[Task brief]: Below are the entries. Transcribe exactly the lines from the one with "Three-Phase Breaker : powerlib/Elements/Three-Phase" through the one with "Voltage Measurement : powerlib/Measurements/Voltage", ends included, and leave out all others.
Source material Block Start
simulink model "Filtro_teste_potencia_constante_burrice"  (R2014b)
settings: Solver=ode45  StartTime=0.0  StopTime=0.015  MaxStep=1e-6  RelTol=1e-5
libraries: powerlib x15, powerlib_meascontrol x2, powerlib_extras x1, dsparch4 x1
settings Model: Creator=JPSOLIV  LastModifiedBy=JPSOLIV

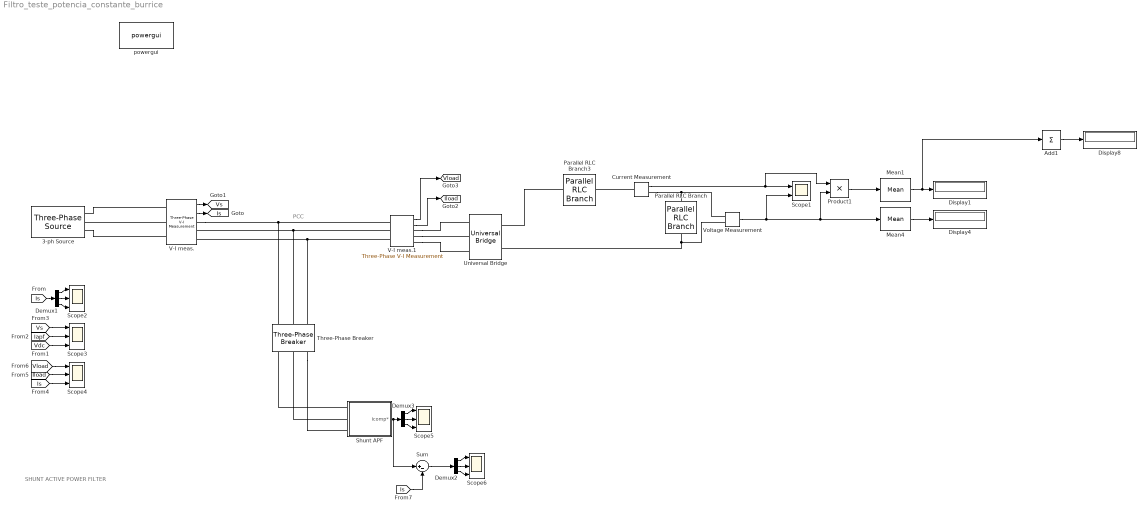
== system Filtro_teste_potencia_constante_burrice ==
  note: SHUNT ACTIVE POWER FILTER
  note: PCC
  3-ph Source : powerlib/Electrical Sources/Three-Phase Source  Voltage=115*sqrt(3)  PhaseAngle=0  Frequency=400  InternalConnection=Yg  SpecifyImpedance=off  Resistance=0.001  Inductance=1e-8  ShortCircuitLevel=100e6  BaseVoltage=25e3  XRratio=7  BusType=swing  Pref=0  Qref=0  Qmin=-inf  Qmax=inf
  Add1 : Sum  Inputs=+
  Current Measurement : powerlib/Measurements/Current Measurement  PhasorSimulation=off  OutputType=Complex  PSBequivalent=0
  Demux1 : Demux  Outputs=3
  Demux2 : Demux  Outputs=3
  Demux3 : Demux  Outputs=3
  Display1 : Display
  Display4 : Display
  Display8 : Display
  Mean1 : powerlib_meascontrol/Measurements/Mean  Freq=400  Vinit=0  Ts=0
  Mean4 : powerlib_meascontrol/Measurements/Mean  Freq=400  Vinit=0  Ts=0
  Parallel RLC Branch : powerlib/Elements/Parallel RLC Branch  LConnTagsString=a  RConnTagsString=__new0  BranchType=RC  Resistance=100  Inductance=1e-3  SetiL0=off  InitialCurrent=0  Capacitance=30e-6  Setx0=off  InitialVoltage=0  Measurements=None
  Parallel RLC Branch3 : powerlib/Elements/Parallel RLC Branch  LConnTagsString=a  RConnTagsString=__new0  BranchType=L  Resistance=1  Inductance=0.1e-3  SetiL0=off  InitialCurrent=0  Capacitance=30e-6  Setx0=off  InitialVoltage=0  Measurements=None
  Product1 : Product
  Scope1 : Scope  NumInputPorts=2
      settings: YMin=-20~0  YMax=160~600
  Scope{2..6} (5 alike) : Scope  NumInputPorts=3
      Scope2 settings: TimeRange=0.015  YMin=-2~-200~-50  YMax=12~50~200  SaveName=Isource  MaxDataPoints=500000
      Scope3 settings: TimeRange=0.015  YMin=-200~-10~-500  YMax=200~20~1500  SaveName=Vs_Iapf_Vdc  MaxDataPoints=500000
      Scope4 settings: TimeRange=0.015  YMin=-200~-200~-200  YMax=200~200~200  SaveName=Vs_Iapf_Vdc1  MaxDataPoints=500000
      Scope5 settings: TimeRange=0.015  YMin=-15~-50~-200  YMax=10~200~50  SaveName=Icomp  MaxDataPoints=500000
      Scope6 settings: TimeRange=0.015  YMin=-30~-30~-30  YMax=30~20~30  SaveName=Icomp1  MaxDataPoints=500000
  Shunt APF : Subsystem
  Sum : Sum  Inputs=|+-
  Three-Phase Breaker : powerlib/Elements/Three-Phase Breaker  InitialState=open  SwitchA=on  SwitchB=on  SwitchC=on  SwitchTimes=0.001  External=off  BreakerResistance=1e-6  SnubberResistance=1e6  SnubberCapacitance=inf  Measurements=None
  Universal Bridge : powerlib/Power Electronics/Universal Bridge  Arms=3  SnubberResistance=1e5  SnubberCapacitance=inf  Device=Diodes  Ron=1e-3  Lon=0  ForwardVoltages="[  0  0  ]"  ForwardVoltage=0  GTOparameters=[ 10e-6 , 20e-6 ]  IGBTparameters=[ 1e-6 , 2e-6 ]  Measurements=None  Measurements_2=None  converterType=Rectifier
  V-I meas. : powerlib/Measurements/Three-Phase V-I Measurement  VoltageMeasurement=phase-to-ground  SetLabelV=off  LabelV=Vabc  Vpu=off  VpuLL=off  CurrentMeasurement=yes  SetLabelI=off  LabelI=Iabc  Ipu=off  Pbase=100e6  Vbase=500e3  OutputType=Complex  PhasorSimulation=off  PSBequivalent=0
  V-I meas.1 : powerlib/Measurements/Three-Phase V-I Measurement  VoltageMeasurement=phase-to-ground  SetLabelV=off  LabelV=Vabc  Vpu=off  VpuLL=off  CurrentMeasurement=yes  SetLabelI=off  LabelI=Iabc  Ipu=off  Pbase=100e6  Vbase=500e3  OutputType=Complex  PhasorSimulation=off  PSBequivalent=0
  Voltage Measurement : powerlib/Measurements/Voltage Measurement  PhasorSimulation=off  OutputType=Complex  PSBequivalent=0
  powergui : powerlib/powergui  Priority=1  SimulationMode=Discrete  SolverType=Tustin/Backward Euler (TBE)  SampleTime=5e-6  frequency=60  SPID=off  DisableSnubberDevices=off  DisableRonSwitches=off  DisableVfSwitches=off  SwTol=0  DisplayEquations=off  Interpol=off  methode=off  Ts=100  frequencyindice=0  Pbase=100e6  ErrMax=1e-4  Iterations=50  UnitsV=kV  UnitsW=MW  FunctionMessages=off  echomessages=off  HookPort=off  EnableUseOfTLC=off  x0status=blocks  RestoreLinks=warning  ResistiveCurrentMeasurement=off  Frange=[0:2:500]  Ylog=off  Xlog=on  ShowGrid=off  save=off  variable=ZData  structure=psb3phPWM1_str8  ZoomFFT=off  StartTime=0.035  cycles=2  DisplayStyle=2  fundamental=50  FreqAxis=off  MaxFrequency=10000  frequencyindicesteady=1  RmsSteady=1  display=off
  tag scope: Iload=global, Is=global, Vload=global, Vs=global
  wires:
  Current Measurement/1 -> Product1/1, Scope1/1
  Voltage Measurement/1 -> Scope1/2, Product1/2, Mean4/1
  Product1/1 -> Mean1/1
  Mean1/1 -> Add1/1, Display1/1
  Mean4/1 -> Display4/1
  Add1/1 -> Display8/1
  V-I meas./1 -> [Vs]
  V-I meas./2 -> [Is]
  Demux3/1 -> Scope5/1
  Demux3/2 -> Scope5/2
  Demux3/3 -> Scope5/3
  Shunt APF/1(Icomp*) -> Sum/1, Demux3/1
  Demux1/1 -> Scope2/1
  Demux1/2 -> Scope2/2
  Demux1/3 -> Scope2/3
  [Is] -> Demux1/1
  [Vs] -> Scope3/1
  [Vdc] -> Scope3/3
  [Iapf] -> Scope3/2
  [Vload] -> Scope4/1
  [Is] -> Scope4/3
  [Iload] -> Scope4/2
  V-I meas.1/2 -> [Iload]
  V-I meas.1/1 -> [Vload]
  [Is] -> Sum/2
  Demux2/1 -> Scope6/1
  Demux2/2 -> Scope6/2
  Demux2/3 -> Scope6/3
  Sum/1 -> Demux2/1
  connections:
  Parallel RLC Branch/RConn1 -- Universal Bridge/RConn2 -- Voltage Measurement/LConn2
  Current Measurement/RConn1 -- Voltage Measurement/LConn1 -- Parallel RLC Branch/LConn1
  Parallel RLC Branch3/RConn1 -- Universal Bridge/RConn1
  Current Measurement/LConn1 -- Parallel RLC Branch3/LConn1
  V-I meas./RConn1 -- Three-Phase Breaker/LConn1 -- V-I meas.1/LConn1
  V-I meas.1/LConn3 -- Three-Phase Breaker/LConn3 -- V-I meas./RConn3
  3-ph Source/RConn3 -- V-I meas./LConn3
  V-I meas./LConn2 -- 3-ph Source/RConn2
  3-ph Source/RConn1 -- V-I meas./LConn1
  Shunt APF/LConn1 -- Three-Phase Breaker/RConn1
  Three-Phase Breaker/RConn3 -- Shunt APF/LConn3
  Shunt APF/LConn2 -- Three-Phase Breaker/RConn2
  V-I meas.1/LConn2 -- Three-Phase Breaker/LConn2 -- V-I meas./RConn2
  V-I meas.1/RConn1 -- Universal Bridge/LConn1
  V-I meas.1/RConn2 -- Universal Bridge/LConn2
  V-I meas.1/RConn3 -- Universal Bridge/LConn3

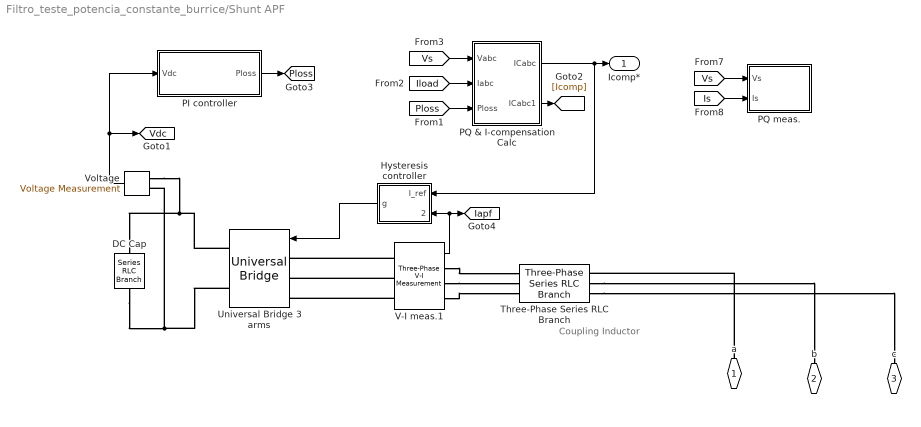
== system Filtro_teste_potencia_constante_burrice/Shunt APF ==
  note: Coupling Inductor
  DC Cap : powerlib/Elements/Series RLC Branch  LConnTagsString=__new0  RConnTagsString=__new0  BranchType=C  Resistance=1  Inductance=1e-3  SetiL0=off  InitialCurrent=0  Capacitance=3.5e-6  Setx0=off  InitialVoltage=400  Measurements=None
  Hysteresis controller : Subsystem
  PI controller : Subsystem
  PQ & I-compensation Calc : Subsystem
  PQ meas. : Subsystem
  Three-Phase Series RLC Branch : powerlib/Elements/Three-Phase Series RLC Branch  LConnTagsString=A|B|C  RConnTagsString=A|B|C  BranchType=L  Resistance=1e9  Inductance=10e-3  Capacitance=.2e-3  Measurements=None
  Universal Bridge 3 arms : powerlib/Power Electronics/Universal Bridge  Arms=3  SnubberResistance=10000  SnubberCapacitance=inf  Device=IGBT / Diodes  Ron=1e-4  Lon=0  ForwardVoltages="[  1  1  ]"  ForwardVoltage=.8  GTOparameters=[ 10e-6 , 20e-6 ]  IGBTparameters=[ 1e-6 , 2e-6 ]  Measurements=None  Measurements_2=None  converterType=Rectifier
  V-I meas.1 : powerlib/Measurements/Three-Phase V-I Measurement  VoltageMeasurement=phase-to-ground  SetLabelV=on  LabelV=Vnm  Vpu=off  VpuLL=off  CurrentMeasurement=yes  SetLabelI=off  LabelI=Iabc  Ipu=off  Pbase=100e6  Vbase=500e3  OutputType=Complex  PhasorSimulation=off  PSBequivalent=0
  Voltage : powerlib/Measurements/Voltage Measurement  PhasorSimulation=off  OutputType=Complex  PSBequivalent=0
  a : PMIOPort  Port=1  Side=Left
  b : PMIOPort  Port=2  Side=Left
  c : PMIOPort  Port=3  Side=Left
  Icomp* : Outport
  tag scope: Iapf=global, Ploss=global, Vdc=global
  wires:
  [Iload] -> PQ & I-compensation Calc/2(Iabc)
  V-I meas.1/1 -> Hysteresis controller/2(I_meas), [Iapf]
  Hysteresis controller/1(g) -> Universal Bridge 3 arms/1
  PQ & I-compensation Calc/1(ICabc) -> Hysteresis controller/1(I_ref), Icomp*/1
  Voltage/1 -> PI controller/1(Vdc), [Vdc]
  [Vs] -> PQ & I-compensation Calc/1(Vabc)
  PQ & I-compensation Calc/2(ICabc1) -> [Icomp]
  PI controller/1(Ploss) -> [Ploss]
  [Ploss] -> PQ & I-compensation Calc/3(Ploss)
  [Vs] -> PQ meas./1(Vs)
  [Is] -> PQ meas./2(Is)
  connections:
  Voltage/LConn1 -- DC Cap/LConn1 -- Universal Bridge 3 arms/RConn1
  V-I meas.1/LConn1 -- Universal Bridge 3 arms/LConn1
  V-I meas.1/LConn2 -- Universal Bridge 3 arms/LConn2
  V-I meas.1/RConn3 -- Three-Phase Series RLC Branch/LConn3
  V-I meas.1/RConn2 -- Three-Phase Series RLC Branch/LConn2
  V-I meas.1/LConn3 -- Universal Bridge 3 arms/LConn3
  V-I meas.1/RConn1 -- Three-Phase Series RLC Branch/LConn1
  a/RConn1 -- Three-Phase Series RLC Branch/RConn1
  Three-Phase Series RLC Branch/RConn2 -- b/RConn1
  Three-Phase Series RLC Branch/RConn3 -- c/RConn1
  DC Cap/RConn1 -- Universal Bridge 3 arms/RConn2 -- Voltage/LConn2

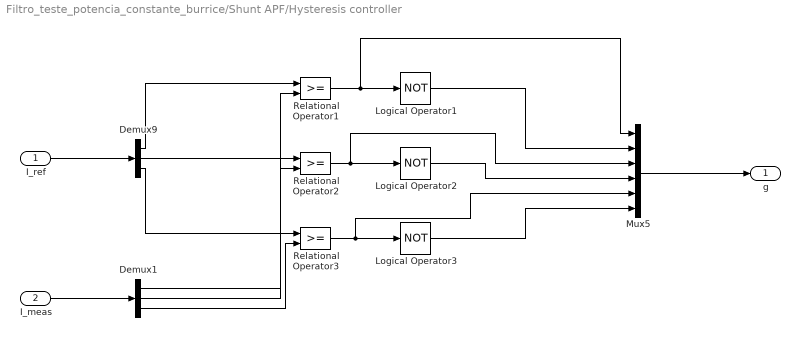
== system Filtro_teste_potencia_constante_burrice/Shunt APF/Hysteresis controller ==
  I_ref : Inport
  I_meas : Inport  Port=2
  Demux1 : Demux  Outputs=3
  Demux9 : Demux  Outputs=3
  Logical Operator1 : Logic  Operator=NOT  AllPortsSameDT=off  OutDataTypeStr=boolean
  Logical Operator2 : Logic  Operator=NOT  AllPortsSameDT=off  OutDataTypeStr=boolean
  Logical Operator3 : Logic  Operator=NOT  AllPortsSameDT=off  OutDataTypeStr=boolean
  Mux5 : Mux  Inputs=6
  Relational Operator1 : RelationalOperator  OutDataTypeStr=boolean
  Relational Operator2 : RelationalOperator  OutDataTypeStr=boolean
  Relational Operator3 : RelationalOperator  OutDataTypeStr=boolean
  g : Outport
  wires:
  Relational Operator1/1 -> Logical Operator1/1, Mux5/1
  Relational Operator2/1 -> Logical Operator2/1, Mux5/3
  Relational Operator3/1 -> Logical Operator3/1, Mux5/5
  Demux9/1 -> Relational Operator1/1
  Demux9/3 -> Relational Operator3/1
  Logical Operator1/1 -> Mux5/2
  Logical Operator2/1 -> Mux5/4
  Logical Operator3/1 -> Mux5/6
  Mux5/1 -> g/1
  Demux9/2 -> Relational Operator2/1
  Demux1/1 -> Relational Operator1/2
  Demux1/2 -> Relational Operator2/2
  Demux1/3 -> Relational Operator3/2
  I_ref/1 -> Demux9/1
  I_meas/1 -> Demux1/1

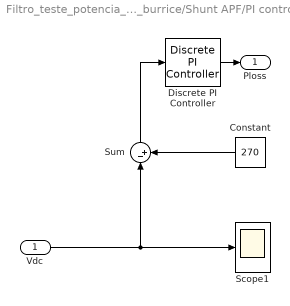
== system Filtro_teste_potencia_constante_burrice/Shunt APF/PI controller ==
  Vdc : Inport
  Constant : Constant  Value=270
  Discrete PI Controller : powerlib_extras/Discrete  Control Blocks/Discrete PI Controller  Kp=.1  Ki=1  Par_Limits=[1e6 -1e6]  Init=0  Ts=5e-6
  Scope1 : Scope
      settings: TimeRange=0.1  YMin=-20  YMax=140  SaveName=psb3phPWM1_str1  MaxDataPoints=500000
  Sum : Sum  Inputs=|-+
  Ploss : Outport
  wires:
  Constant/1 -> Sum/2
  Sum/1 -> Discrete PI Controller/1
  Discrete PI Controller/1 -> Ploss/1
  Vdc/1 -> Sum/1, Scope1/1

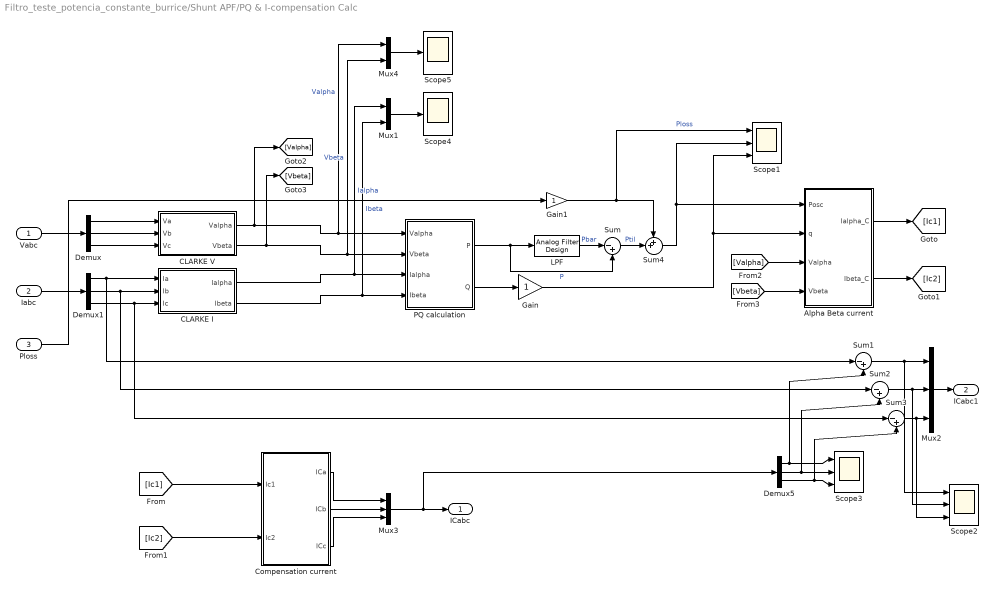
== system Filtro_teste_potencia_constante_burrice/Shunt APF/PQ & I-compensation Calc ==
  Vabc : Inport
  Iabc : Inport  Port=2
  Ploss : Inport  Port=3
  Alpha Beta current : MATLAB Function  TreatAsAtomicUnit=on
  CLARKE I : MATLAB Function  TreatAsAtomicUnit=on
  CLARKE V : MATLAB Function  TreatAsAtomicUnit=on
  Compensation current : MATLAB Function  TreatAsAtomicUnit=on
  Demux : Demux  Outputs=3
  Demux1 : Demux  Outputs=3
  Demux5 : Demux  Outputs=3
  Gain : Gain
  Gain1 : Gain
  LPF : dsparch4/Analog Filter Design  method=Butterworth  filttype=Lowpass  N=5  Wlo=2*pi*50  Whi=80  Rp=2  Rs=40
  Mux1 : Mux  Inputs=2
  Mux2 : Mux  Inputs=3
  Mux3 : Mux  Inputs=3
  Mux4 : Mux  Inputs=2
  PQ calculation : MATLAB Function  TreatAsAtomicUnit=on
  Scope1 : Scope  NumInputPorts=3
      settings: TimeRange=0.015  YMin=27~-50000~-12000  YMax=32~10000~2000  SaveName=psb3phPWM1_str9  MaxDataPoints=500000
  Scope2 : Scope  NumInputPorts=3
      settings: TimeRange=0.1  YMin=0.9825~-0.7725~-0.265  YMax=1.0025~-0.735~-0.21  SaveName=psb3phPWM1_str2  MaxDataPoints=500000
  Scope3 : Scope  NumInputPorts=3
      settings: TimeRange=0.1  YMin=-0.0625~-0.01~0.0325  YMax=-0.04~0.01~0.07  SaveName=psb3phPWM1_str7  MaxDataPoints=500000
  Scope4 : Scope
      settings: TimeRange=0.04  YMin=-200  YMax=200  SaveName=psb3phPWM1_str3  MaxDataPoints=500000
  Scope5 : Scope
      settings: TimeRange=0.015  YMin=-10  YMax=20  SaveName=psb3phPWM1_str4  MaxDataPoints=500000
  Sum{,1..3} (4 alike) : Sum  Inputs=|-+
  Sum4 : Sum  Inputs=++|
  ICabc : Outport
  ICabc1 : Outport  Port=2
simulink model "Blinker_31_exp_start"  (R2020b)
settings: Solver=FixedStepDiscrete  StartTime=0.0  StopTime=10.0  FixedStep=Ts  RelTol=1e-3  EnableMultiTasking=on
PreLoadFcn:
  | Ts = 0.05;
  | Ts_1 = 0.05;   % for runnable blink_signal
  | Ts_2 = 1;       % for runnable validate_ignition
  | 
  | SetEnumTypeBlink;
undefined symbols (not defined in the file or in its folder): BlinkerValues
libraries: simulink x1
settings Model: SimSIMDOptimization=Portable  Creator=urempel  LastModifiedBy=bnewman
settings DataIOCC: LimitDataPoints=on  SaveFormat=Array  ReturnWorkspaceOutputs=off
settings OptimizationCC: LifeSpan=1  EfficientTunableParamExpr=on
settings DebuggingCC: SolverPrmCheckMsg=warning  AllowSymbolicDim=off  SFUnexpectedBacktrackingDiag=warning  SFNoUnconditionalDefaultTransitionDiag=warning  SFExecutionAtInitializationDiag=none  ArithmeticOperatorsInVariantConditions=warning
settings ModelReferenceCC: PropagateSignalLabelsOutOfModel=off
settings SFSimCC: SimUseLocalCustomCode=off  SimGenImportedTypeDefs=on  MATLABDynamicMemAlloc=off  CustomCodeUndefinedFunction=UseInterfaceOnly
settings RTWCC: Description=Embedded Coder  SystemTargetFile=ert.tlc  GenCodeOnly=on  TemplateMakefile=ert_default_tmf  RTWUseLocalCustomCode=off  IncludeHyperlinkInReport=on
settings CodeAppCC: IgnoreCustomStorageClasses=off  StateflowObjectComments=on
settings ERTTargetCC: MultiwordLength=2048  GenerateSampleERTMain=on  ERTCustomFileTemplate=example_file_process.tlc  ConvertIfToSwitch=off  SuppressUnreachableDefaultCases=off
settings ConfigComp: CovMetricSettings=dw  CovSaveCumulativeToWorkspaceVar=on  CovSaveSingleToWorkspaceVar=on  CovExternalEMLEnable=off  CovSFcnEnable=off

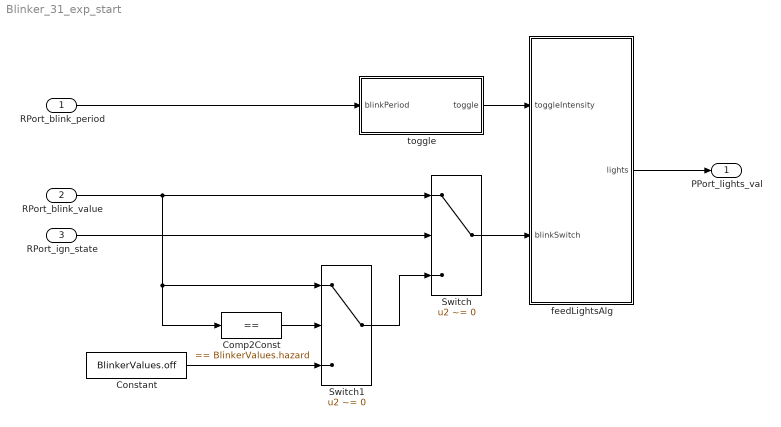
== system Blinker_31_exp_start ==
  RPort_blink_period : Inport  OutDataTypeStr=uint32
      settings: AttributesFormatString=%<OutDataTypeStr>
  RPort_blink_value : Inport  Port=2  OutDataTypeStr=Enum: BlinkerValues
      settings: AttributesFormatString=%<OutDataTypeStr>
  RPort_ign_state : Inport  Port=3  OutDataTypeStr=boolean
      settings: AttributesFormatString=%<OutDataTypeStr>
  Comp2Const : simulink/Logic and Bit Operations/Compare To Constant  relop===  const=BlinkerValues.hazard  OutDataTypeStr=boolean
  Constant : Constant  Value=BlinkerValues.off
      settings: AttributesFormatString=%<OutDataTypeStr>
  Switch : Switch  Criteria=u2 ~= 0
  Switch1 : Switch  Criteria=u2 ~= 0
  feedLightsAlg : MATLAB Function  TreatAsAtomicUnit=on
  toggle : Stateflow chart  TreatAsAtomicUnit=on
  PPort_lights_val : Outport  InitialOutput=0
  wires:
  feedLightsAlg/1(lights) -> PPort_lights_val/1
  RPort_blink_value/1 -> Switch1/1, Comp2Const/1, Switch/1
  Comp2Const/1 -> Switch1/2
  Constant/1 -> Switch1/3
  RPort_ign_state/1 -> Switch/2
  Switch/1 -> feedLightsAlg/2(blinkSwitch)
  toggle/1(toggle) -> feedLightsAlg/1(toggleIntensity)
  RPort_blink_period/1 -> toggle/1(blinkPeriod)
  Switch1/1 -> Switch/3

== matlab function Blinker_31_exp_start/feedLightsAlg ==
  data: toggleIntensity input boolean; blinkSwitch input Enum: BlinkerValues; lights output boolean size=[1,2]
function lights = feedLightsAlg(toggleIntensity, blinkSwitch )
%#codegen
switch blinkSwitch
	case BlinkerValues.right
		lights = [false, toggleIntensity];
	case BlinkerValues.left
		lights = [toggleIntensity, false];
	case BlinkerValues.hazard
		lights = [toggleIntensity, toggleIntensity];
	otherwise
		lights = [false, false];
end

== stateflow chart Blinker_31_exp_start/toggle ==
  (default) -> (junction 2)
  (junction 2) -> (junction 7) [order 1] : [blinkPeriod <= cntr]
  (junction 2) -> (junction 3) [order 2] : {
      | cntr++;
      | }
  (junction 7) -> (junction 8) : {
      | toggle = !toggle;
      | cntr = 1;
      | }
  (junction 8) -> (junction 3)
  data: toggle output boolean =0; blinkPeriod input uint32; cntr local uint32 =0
Source material Block End
[Exercise response]:
  Three-Phase Breaker : powerlib/Elements/Three-Phase Breaker  InitialState=open  SwitchA=on  SwitchB=on  SwitchC=on  SwitchTimes=0.001  External=off  BreakerResistance=1e-6  SnubberResistance=1e6  SnubberCapacitance=inf  Measurements=None
  Universal Bridge : powerlib/Power Electronics/Universal Bridge  Arms=3  SnubberResistance=1e5  SnubberCapacitance=inf  Device=Diodes  Ron=1e-3  Lon=0  ForwardVoltages="[  0  0  ]"  ForwardVoltage=0  GTOparameters=[ 10e-6 , 20e-6 ]  IGBTparameters=[ 1e-6 , 2e-6 ]  Measurements=None  Measurements_2=None  converterType=Rectifier
  V-I meas. : powerlib/Measurements/Three-Phase V-I Measurement  VoltageMeasurement=phase-to-ground  SetLabelV=off  LabelV=Vabc  Vpu=off  VpuLL=off  CurrentMeasurement=yes  SetLabelI=off  LabelI=Iabc  Ipu=off  Pbase=100e6  Vbase=500e3  OutputType=Complex  PhasorSimulation=off  PSBequivalent=0
  V-I meas.1 : powerlib/Measurements/Three-Phase V-I Measurement  VoltageMeasurement=phase-to-ground  SetLabelV=off  LabelV=Vabc  Vpu=off  VpuLL=off  CurrentMeasurement=yes  SetLabelI=off  LabelI=Iabc  Ipu=off  Pbase=100e6  Vbase=500e3  OutputType=Complex  PhasorSimulation=off  PSBequivalent=0
  Voltage Measurement : powerlib/Measurements/Voltage Measurement  PhasorSimulation=off  OutputType=Complex  PSBequivalent=0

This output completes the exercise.